Real signals are rarely that cooperative. The usual case is that if our N samples start at one point in a cycle, they end at some other point, so that if we really did play these back in a loop we would get a discontinuity or "glitch" between the last sample and the first. If the original signal was a pure sine wave, our replica would have a buzz added to it, and the bigger the discontinuity, the louder the buzz would sound. The buzz would have a frequency of the sample rate divided by N, which would not be a harmonic of the input wave and would thus sound very bad.
And this is exactly what the FFT spectrum shows. Try this with the Virtual Source: Set a sine wave to show an exact integer number of cycles on the waveform display, and flip to the FFT display. You will see a single line at the sine wave frequency if you tuned things just right. Flip to Y-log to get a better view of the lower levels.

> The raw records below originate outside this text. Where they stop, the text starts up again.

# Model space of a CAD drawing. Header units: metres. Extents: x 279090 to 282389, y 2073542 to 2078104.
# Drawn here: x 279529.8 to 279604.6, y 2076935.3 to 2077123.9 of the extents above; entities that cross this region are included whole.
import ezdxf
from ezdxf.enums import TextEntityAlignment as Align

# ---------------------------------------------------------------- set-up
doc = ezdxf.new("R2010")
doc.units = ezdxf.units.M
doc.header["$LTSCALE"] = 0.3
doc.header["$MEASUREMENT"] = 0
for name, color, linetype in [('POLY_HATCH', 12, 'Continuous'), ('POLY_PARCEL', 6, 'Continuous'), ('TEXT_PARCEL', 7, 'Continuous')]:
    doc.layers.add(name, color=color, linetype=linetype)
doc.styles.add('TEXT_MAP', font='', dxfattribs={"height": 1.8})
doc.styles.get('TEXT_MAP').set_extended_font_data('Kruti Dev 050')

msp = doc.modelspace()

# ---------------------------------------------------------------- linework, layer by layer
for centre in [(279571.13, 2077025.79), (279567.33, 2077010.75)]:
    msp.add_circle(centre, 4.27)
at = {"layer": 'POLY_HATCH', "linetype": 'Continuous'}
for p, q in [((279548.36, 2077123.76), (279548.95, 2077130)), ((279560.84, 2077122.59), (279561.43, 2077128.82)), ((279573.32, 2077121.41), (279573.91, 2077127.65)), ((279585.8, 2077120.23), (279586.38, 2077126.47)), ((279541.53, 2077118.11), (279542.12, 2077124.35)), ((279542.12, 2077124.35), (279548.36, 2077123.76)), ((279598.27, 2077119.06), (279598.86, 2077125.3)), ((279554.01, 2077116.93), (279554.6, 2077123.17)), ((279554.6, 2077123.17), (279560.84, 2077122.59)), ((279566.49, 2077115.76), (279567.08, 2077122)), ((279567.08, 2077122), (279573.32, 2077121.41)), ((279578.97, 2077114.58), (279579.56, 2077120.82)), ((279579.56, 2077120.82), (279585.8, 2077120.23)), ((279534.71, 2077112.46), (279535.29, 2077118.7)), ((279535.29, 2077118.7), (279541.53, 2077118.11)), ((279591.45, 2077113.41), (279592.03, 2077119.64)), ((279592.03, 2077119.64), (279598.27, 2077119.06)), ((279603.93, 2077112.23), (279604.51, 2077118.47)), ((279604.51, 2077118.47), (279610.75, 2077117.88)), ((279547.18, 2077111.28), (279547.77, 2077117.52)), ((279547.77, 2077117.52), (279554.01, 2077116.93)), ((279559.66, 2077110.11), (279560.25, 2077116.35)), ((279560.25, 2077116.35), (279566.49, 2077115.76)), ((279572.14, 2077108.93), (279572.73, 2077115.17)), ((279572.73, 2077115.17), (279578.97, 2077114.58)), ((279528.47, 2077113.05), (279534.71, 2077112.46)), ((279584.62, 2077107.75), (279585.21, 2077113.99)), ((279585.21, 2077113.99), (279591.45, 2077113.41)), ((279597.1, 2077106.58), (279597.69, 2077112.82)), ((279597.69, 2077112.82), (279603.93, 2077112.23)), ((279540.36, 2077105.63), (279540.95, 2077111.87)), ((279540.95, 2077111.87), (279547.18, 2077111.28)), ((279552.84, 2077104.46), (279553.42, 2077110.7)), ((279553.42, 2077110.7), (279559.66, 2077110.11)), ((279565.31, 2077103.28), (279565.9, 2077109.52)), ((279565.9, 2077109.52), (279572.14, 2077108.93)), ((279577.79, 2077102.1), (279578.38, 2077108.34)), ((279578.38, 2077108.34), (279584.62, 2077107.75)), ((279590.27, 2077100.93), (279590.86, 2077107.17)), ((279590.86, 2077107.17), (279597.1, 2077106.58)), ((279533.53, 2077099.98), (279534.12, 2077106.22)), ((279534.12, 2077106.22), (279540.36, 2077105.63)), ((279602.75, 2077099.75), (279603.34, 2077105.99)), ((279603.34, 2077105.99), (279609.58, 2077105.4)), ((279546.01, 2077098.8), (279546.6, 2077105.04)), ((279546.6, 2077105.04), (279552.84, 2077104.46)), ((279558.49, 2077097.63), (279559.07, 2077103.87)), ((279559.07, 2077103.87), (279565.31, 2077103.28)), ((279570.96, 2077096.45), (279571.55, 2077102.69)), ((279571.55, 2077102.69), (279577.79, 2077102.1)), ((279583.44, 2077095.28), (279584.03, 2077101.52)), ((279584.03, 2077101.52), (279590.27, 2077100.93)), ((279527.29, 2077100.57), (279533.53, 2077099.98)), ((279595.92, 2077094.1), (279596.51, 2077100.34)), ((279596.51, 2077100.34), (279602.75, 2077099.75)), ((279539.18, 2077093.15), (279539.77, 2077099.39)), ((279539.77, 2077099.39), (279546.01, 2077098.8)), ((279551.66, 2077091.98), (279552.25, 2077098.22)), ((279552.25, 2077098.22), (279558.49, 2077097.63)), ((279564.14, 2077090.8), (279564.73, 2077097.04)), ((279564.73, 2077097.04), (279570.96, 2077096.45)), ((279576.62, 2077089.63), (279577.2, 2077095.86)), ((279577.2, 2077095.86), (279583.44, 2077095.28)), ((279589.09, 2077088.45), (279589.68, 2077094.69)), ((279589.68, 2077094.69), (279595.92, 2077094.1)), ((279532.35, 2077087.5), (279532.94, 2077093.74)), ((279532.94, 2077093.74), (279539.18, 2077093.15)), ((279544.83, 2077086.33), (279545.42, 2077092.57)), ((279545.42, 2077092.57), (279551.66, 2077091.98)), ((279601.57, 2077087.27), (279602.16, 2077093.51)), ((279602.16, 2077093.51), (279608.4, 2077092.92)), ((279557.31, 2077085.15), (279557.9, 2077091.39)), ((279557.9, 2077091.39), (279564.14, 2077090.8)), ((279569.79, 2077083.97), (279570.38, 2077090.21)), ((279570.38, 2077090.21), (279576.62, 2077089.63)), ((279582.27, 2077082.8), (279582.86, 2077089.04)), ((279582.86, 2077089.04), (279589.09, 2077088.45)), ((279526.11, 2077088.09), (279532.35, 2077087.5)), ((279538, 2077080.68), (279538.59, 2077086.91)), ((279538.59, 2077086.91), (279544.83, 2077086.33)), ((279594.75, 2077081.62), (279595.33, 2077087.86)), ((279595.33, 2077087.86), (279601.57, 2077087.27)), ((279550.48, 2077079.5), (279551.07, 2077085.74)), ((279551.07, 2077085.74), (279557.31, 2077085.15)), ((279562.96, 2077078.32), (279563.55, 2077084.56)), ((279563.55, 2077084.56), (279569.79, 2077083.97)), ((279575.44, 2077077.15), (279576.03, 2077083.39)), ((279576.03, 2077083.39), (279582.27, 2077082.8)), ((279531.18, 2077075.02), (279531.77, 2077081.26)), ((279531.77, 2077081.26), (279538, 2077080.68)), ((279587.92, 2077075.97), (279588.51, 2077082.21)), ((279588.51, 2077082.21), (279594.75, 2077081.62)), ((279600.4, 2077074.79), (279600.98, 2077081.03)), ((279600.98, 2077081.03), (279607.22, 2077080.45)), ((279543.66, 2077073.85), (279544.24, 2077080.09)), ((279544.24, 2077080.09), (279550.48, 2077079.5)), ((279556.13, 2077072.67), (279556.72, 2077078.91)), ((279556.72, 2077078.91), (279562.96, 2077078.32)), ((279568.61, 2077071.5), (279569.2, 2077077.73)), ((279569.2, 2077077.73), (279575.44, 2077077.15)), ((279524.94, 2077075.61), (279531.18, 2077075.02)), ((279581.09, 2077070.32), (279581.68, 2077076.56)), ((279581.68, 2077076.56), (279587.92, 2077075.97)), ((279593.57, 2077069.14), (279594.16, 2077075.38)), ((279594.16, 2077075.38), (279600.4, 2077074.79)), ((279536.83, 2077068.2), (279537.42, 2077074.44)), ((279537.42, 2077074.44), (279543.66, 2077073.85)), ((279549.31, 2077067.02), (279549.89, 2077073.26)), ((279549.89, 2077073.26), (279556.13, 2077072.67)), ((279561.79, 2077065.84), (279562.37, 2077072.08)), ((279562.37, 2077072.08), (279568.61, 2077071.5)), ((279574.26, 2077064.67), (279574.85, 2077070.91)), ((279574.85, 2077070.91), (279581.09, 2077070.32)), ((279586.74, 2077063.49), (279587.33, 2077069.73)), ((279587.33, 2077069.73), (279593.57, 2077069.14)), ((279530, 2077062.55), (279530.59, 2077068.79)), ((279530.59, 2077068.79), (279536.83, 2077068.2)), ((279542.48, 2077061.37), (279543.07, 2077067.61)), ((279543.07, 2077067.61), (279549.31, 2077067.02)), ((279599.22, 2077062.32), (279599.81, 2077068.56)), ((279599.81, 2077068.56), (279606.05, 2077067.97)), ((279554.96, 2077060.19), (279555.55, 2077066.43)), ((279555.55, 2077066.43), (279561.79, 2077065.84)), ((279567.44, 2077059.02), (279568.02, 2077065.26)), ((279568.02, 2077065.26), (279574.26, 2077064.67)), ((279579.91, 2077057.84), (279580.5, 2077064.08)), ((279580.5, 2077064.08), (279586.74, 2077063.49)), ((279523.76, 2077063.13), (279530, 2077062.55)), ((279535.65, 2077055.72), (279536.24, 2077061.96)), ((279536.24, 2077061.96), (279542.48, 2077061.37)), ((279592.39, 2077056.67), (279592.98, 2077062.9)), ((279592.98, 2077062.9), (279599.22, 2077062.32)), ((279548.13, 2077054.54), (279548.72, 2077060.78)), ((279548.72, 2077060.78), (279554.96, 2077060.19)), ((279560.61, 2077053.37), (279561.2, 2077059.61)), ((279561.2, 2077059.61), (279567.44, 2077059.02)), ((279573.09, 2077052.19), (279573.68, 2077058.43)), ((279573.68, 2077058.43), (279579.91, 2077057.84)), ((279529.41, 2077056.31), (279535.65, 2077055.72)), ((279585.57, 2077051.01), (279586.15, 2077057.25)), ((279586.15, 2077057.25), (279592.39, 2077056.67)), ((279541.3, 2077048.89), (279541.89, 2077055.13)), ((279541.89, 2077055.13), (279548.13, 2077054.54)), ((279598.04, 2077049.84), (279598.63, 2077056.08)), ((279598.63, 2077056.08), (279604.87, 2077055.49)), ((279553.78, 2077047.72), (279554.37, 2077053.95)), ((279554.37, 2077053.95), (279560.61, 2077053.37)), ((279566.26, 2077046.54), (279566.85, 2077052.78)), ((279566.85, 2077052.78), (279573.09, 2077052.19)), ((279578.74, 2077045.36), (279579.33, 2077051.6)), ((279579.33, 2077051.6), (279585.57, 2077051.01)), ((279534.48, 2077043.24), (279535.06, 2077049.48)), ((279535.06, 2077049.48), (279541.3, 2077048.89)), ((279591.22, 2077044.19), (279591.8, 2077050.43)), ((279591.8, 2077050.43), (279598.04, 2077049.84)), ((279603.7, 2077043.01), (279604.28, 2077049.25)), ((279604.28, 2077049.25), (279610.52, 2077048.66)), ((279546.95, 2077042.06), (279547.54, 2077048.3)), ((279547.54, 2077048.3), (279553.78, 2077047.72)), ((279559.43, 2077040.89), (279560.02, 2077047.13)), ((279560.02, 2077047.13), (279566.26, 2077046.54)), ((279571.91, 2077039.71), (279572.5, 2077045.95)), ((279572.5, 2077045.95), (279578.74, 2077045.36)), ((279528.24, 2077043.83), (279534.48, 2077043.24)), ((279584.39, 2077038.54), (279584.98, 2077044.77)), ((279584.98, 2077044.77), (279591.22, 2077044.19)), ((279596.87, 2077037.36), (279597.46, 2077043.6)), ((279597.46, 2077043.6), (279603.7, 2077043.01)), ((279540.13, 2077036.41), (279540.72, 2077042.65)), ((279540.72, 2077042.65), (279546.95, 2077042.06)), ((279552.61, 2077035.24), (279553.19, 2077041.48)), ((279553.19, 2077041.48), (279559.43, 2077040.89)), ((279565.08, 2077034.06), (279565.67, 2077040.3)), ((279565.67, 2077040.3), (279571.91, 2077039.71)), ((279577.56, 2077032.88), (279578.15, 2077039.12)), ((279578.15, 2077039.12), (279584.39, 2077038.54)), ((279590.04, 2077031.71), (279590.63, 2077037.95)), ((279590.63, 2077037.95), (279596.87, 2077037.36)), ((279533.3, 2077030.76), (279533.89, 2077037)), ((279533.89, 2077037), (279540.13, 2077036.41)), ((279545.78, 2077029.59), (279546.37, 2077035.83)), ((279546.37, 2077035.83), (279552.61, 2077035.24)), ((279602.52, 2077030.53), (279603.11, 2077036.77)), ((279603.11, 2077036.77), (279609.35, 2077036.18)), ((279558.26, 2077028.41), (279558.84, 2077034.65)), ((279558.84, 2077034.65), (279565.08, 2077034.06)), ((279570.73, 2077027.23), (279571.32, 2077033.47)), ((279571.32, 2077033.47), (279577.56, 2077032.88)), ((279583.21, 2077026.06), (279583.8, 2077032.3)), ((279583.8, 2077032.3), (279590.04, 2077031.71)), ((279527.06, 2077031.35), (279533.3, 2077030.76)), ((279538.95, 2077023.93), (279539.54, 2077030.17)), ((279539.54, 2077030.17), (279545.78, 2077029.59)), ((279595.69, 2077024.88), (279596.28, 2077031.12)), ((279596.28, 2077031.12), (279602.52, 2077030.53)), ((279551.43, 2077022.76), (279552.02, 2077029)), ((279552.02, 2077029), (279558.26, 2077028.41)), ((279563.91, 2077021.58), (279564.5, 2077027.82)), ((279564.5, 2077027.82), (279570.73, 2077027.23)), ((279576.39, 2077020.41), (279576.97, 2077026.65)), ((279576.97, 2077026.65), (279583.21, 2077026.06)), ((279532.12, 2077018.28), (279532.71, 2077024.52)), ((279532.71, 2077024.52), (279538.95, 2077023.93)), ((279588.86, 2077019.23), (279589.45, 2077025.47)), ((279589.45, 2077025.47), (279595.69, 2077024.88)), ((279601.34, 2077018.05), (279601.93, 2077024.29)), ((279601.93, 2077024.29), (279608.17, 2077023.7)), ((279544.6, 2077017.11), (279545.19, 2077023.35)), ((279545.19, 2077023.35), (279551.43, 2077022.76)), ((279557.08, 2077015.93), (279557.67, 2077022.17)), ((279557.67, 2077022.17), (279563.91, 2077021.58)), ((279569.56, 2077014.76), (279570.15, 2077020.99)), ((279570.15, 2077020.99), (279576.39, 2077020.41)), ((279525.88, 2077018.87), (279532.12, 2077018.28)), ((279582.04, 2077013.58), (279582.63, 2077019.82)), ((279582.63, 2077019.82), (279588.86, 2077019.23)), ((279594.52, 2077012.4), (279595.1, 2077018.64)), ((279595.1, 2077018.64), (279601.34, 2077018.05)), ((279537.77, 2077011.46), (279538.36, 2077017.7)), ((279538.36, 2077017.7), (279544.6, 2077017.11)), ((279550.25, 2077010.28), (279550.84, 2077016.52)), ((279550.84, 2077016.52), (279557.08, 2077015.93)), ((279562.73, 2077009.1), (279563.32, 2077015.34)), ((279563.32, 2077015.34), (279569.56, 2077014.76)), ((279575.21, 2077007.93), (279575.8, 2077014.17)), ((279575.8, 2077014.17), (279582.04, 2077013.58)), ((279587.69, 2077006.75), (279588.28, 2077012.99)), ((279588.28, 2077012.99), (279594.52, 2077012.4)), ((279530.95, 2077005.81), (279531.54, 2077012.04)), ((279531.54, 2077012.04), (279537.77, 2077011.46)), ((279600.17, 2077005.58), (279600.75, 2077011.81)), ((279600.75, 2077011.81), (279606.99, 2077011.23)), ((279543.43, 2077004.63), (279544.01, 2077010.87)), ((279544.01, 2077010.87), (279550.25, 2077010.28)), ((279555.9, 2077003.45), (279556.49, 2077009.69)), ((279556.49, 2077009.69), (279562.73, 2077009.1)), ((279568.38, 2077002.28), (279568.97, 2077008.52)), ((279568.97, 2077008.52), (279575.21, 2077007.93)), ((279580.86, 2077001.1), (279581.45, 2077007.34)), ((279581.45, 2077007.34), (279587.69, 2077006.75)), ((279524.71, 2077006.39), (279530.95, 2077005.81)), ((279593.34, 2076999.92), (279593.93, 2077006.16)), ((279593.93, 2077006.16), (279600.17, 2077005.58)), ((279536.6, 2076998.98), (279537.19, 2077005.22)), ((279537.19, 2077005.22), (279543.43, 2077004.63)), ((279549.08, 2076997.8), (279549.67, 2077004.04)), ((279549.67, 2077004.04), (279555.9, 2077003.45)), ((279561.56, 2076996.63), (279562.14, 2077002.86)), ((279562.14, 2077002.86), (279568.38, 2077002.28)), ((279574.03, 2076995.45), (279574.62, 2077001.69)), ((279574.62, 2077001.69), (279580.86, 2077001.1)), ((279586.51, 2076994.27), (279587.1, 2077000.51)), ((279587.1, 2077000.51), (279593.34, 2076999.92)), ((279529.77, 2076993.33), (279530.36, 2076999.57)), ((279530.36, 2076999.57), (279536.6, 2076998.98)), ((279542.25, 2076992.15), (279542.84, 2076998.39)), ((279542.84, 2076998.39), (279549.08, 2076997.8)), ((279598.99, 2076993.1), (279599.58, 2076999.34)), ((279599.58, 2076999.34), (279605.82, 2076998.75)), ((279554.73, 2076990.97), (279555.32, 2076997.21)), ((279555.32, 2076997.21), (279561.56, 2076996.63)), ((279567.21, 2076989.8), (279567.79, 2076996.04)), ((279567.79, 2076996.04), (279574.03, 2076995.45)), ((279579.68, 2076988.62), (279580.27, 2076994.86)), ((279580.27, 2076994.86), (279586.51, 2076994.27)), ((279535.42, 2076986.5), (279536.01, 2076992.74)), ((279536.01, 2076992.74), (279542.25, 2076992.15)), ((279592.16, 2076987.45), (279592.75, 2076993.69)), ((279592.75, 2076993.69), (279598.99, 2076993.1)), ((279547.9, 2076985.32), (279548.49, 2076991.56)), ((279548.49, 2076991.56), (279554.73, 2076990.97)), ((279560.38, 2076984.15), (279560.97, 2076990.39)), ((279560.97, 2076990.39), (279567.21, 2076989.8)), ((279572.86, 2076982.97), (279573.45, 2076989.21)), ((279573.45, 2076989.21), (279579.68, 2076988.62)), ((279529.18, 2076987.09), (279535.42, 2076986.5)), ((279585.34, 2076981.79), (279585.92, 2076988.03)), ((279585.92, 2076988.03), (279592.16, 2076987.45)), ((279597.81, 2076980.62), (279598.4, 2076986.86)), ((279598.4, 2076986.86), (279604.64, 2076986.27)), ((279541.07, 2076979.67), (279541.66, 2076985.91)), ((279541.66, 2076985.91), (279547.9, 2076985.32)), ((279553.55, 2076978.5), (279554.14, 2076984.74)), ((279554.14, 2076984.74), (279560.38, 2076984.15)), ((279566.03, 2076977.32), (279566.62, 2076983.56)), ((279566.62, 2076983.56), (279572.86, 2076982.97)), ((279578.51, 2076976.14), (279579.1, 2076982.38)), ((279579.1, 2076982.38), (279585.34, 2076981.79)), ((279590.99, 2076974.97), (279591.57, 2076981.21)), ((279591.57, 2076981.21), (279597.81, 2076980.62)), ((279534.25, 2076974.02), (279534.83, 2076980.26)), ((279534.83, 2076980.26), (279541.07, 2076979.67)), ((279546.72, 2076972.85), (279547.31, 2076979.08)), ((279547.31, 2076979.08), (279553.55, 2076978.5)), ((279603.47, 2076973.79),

Now adjust the frequency slowly and watch the leakage "skirts" of the peak broaden as you move farther from the optimum value, then drop back down again as you get nearer to the next integer number of cycles... which you can verify by flipping back to see the waveform. Set the frequency so that the waveform ends on a positive or negative peak, and when you flip to the FFT you will find the broad skirts again, indicating lots of energy at frequencies other than the one we set.
The FFT shows us something besides an increase in bogus "skirt" signal when we don't have an integer number of cycles: We have also lost some of the true signal energy from the peak. How can we get an accurate reading of our signal? The obvious and best way is to adjust the sample rate (or the signal itself, if that is an option) to get integer alignment. But with a changing signal, or one that contains more than one component frequency, that may not be possible.
The problem comes from that glitch where the end of the trace should wrap back to the start. Hmmmm... what if we could somehow taper both ends of the set of samples down to zero, so they always lined up perfectly if we looped them? What would that do to the spectrum?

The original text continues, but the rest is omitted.